Many people seems to have a very easy time blaming Spain of being an
authoritarian country, without understanding the depth and complexity of the
problem, or that what a government does doesn't represent what all the people
want. They were not voted in to do this, they were voted because the other
alternatives failed to deliver in many ways in previous mandates. It was a
reactionary voting. There are many people in Spain claiming for referendums.
And also many people in Spain that see the independence of Catalonia the only
way to keep advancing as a country where other less favoured regions could
also prosper.

Honestly, I wish people from other countries would double-check facts and go
deeper in understanding the situation. While I'm very ashamed of what the
police did in the votings, there is a longer story behind all this that has
been sadly summarized by videos and pictures of that violent day. That was a
terrible mistake from a government I don't feel identified with. I'm both
ashamed of Spain and of Catalonia. I whish we knew how to live together. We
are both going to do worse now. We are a fractured society. Both sides. Both
sides lied, both sides manipulated.

Spain is a country of many cultures and languages. We could be an example of
the world. But we are not. No Catalonia is not the only region with historical
differences. Andalusia was the cultural center of Europe in the 10th century.
Euskadi is an industrial powerhorse. Galicia has celtic roots. Canary Islands
is a beautiful mix of Latin American culture, Africa and south Spain. And so
it goes for many other regions.

As a Spaniard, I believe the best course of action is to split the country
(sorry, I still don't buy that Spain conquered Catalonia, that just never
happened, so yes, split a 500-years old country is the accurate definition).

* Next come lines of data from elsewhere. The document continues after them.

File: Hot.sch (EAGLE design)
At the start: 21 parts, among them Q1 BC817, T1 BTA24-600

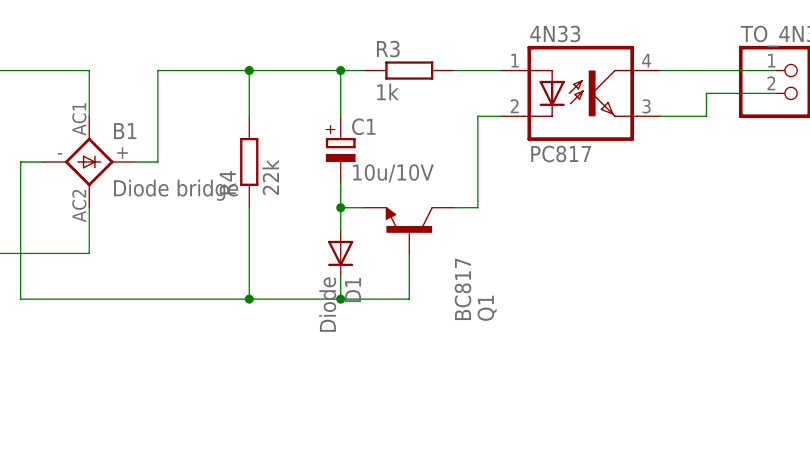
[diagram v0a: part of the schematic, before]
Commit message: Переразвел 2горячую" плату - уменьшил длинну упарвляющей дорожки, увеличил ширину силовых дорожек. Под тиристором уменьшились зазоры - на перетрав, при необходимости - доработать напильником %) Добавил подписи "+" на разъемах
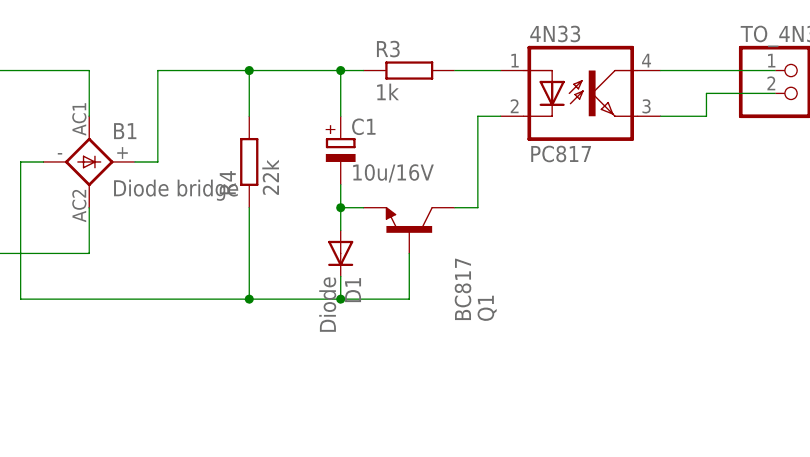
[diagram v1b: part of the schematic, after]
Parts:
- C1: value 10u/10V -> 10u/16V
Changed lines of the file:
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@@
 <part name="R3" library="rcl" deviceset="R-EU_" device="M1206" value="1k"/>
 <part name="R4" library="rcl" deviceset="R-EU_" device="M1206" value="22k"/>
-<part name="C1" library="rcl" deviceset="CPOL-EU" device="E2.5-5" value="10u/10V"/>
+<part name="C1" library="rcl" deviceset="CPOL-EU" device="E2.5-5" value="10u/16V"/>
 <part name="Q1" library="transistor-npn" deviceset="BC817*" device="SMD" technology="-16LT1" value="BC817"/>
 <part name="L" library="solpad" deviceset="LSP10" device=""/>
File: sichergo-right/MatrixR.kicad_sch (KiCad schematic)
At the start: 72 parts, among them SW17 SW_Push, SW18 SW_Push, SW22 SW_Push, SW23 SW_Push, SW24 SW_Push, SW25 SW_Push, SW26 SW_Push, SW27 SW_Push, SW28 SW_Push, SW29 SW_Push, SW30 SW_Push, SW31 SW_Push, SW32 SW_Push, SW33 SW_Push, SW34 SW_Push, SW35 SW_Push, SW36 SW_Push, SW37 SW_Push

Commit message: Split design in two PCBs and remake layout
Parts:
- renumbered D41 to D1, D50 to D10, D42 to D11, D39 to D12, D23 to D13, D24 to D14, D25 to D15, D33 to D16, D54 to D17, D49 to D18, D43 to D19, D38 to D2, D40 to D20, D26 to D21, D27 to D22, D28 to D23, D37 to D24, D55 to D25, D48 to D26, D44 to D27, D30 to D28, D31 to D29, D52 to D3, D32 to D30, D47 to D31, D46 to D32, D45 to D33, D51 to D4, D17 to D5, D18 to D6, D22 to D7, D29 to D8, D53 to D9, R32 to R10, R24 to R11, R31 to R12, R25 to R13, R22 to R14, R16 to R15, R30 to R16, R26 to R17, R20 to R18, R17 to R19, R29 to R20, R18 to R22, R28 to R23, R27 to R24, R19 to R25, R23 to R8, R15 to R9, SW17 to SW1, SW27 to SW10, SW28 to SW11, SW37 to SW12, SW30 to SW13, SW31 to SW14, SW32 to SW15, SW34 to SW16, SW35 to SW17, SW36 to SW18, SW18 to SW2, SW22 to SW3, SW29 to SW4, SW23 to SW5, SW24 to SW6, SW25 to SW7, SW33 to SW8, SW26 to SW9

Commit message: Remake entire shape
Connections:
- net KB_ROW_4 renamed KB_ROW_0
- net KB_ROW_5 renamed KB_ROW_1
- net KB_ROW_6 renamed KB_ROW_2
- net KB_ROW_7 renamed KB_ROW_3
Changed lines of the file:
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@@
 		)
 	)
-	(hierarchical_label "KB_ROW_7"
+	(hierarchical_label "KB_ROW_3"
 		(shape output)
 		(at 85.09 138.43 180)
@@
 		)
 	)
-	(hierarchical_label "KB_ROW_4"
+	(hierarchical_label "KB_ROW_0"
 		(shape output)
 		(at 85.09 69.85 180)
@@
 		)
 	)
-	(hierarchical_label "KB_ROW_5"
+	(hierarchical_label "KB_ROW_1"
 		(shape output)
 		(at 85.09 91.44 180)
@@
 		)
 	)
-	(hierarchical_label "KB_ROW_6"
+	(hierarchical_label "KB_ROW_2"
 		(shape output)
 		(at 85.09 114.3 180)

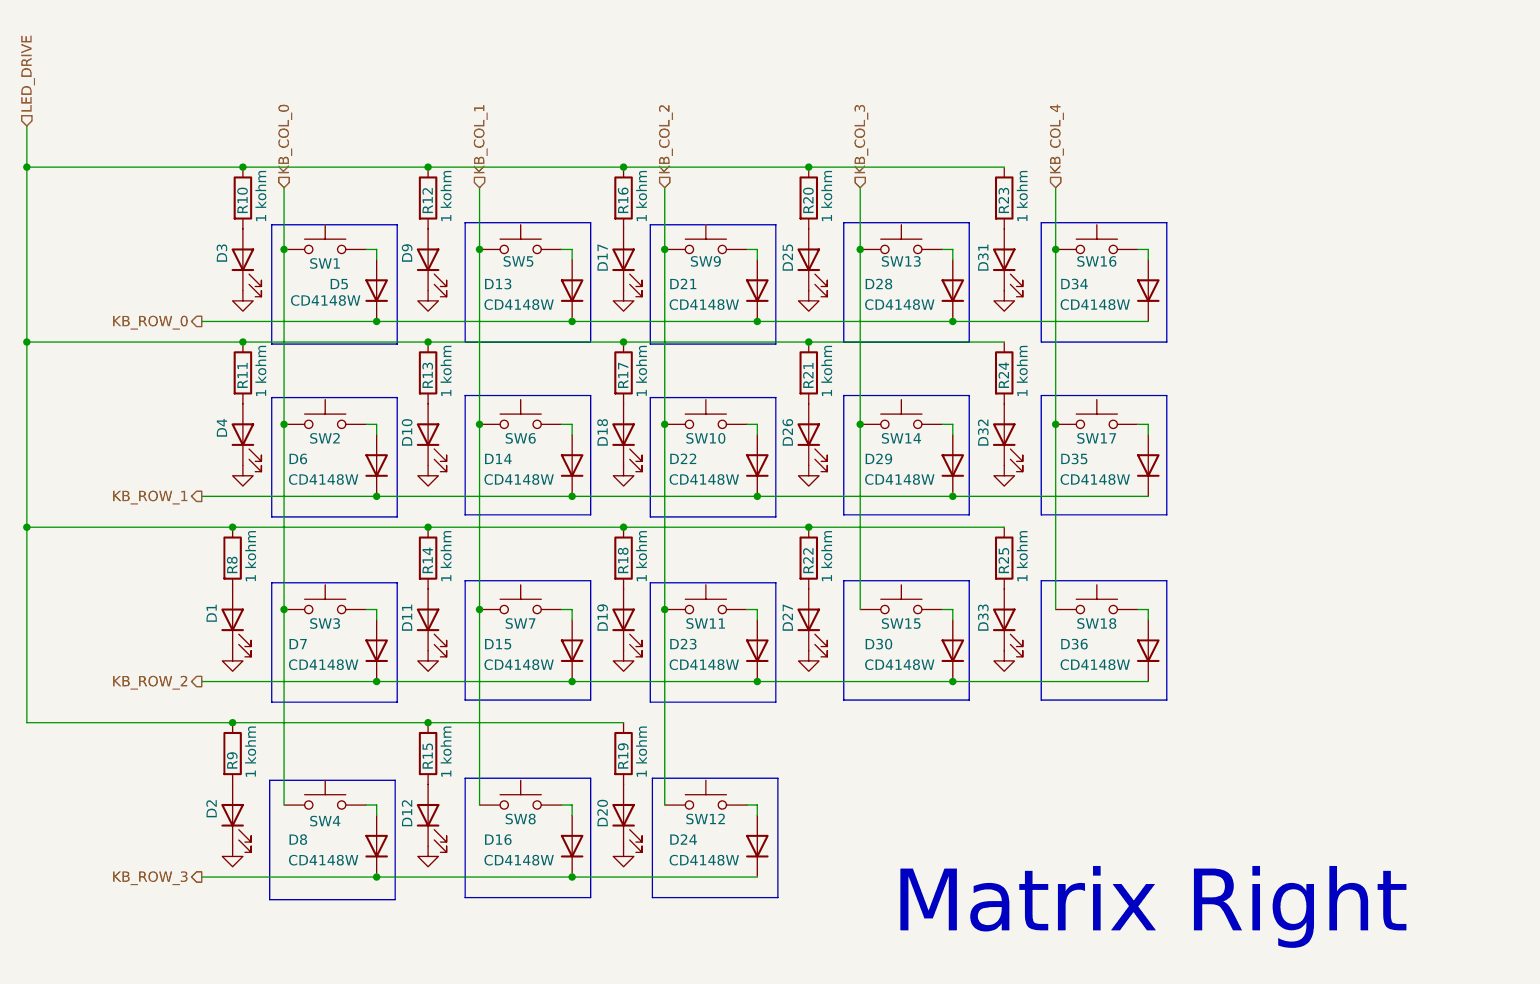
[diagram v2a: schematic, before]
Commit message: Fix keyboard layout size
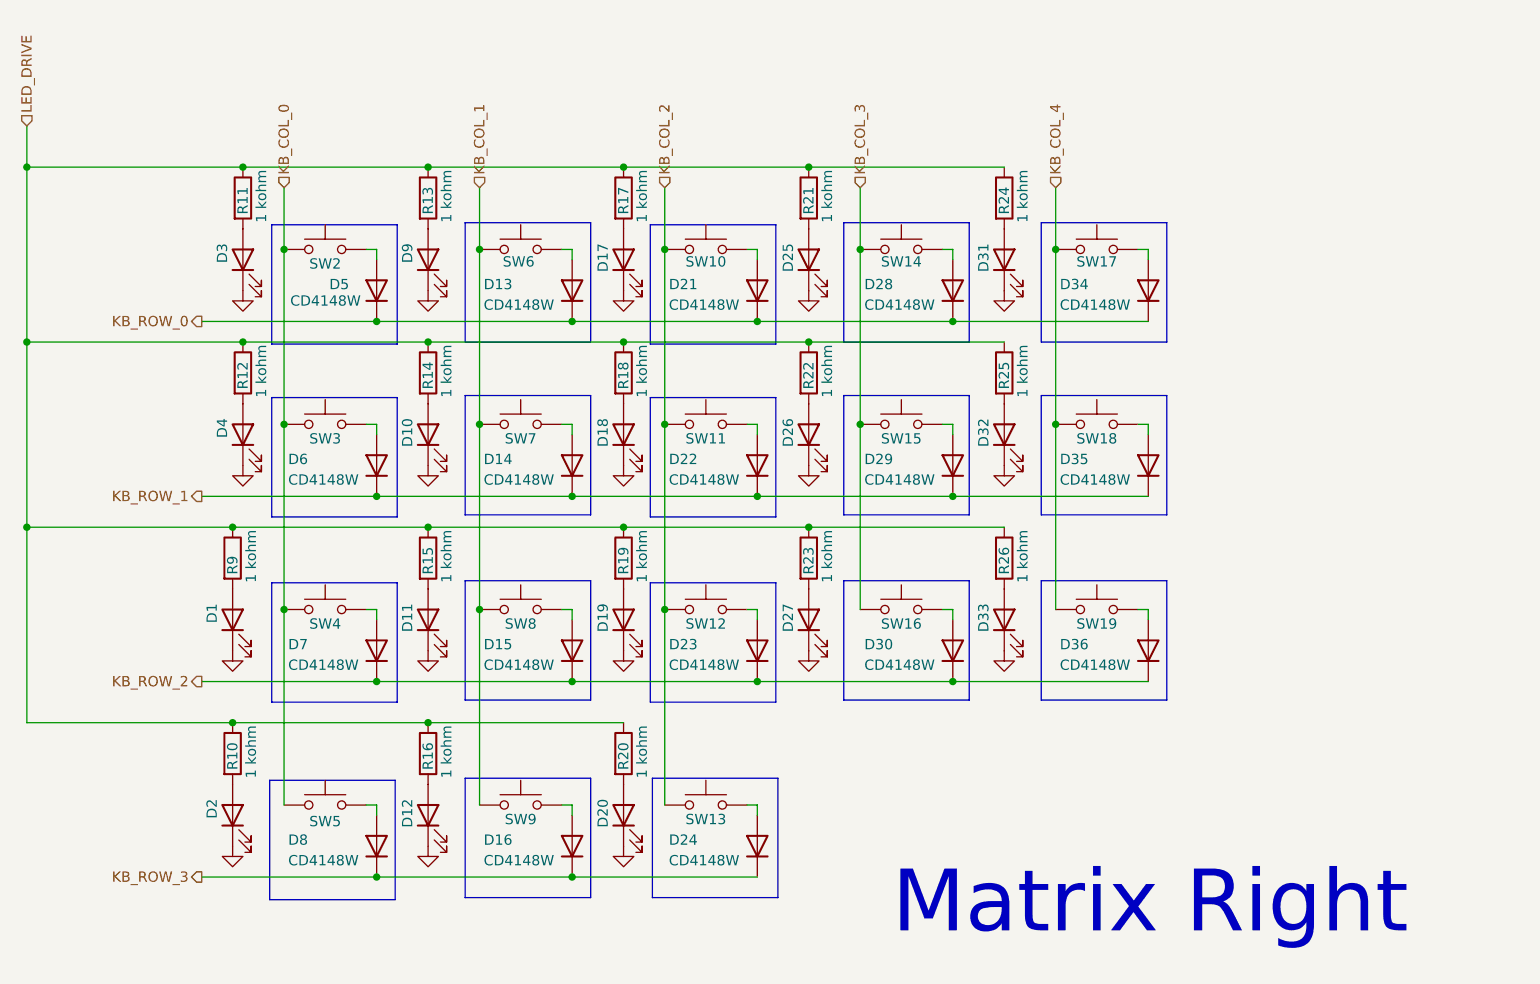
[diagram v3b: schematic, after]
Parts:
- renumbered R9 to R10, R10 to R11, R11 to R12, R12 to R13, R13 to R14, R14 to R15, R15 to R16, R16 to R17, R17 to R18, R18 to R19, R19 to R20, R20 to R21, R21 to R22, R22 to R23, R23 to R24, R24 to R25, R25 to R26, R8 to R9, SW9 to SW10, SW10 to SW11, SW11 to SW12, SW12 to SW13, SW13 to SW14, SW14 to SW15, SW15 to SW16, SW16 to SW17, SW17 to SW18, SW18 to SW19, SW1 to SW2, SW2 to SW3, SW3 to SW4, SW4 to SW5, SW5 to SW6, SW6 to SW7, SW7 to SW8, SW8 to SW9

‘I am firmly convinced that Spain is the strongest country of the world.
Century after century trying to destroy herself and still no success’ - Otto
von Bismark

Well, actually maybe is time to try to start all over again. But please, check
all historical facts and try to read both sides of the story. Don't buy that
the Spaniards "are retrograde, old-fashined, stubborn, imperialistic, etc...",
and the Catalans represent all good that happen in Spain, because that's
unfair and untrue.

------
hummel
Spanish here, I have family and home in Catalonia.

1) You need to read history to understand the situation. But not the history
of the last 100 years, but of the last 1000. Catalonia was never independent,
it was part of the Kingdom of Aragon. The kingdom of Aragon and the castle
kingdom allied in a dynastic way and created what is known today as Spain.
There is no

2) Voting is illegal, it is not illegal to vote but it is illegal to vote for
independence from Spain. The illegality of their vote is supported by the
judicial system, not political.

3) Despite being illegal, the Catalan people mobilized to express their
opinion on 1-O. This was a popular expression, but not a democratic mandate
since the votes were not supported by any international body and were not
conducted in a public or transparent manner. Only 38% of Cataluá citizens
voted, the remaining 62% did not participate in this vote.

4) Catalonia is a very strong autonomous region, with many economic links with
Europe and the rest of Spain. Catalonia wants to receive more money and
contribute less to the whole of Spain, which has led to certain tensions and a
very unsympathetic attitude. Spanish politicians are particularly incompetent
and corrupt, as are Catalan politicians who are accused of various flagrant
corruption processes.

5) Other regions of Spain, such as Pamplona or Euskadi, have more arguments
for independence, but they chose coexistence within the democratic framework.
The government usually negotiates

6) The independentistas have voted secretly, they have not stood up to those
who vote for them. The declaration of independence is temporary and
ineffective. It will not provoke any conversation or dialogue, by the points
expressed above.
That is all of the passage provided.